The global effort to ramp up alternative energy use is putting nuclear power back into the conversation. Uranium is used to create nuclear energy. As CNBC reported, it will be a topic discussed at the COP28 summit in Dubai.
“Building on the efforts made during COP 26 and COP 27, nuclear energy will feature even more prominently at COP28,” said Rafael Mariano Grossi, the International Atomic Energy Agency’s director general. The IAEA is co-hosting the summit in concert with the COP28 presidency.
“As more nations understand the role nuclear can play in achieving energy security and decarbonisation targets, global support for nuclear energy is growing,” Grossi added.
The topic of nuclear energy is certainly going to be a contentious one. That’s due to its sordid past from nuclear powerplant accidents. But technology is becoming more advanced and harnessing nuclear power is becoming a safer proposition. So it can slowly gain more acceptance globally.
In Germany, for example, the topic of nuclear power is a polarizing one.

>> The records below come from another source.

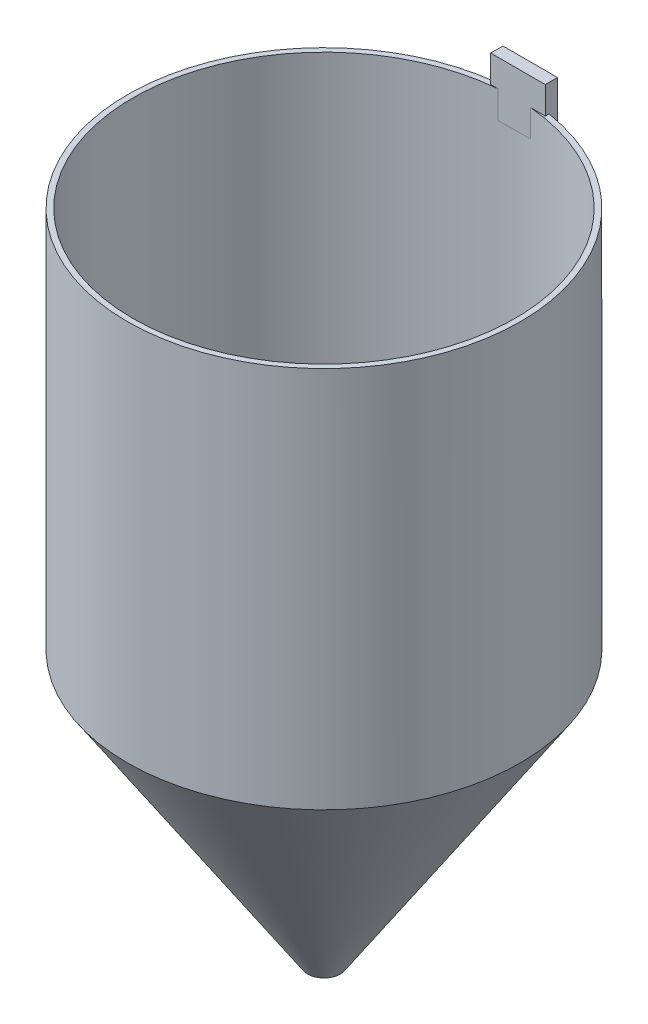
SolidWorks part; units mm, degrees
material "ABS"
ref_plane "Front Plane" through (0, 0, 0) normal (0, 0, 1) x (1, 0, 0)
ref_plane "Top Plane" through (0, 0, 0) normal (0, 1, 0) x (1, 0, 0)
ref_plane "Right Plane" through (0, 0, 0) normal (1, 0, 0) x (0, 0, -1)
sketch "Sketch1" plane through (0, 0, 0) normal (0, 0, 1) x (1, 0, 0)
  line L0 (2.3108, 103.018) -> (2.3108, 34.02)
  line L1 (2.3108, 34.02) -> (-32.6892, 34.02)
  line L2 (-32.6892, 34.02) -> (-32.6892, 33.02)
  line L3 (-32.6892, 33.02) -> (2.3108, 33.02)
  line L4 (2.3108, 33.02) -> (-29.6864, -16.982)
  line L5 (-29.6864, -16.982) -> (3.3108, 33.018)
  line L6 (3.3108, 33.018) -> (3.3108, 103.018)
  line L7 (3.3108, 103.018) -> (2.3108, 103.018)
  dimension "D1" = 1
  dimension "D2" = 1
  dimension "D3" = 1
  dimension "D4" = 70
  dimension "D5" = 50
  dimension "D6" = 35
revolve "Revolve1" add sketch "Sketch1" angle 360 about L2
sketch "Sketch2" plane through (0, 34.02, 0) normal (0, 1, 0) x (1, 0, 0)
  circle A0 centre (-32.6892, 0) radius 2
  circle A1 centre (-14.5838, 17.2394) radius 5
  dimension "D1" = 4
  dimension "D2" = 10
  dimension "D3" = 25
extrude "Cut-Extrude1" cut sketch "Sketch2" against normal blind 3
sketch "Sketch3" plane through (0, 103.018, 0) normal (0, 1, 0) x (1, 0, 0)
  line L1 (-37.0162, 34.8749) -> (-27.0162, 34.8749)
  line L2 (-37.0162, 34.8749) -> (-37.0162, 37.1125)
  line L3 (-37.0162, 37.1125) -> (-27.0162, 37.1125)
  line L4 (-27.0162, 34.8749) -> (-27.0162, 37.1125)
  line L5 (-37.0162, 34.8749) -> (-27.0162, 37.1125) construction
  line L6 (-37.0162, 37.1125) -> (-27.0162, 34.8749) construction
  circle A0 centre (-32.6892, 0) radius 36 construction
  point P0 (-32.0162, 35.9937)
  dimension "D1" = 10
extrude "Boss-Extrude1" add sketch "Sketch3" along normal mid plane 10

As CNBC reported, the closure of its last three plants in April 2023 has brought views from opposing sides.
“The German government took a decision which was in our view absolutely wrong, a strategic mistake to get out of nuclear,” said Friedrich Merz, the leader of Germany’s center-right Christian Democratic Union.
“The phase-out of nuclear power makes our country safer. Ultimately, the risks of nuclear power are uncontrollable,” said Steffi Lemke, Germany’s federal minister for the environment and nuclear safety, in April.
“We now face decades full of challenges before we can safely and responsibly dispose of our nuclear legacy,” she added.
Growth Opportunity in Uranium ETF URNM
Whether certain parties are for or against nuclear power development, the potential growth opportunity exists in uranium. If more widespread acceptance of nuclear energy grows, then consider the Sprott Uranium Miners ETF (URNM).
URNM is a convenient way to get uranium exposure. Not just in the metal itself, but through miners as a backdoor play. For uranium mining exposure, consider URNM, which tracks the North Shore Global Uranium Mining Index and invests in global firms that mine, develop, and produce uranium as well as those firms that hold physical uranium or uranium royalties. Selected firms devote at least 50% of assets to business operations tied to uranium.
Various holdings in different countries further support the diversification of the fund. The majority of the fund is allocated into Canada, but it includes other countries, such as Kazakhstan, Australia, and the United States.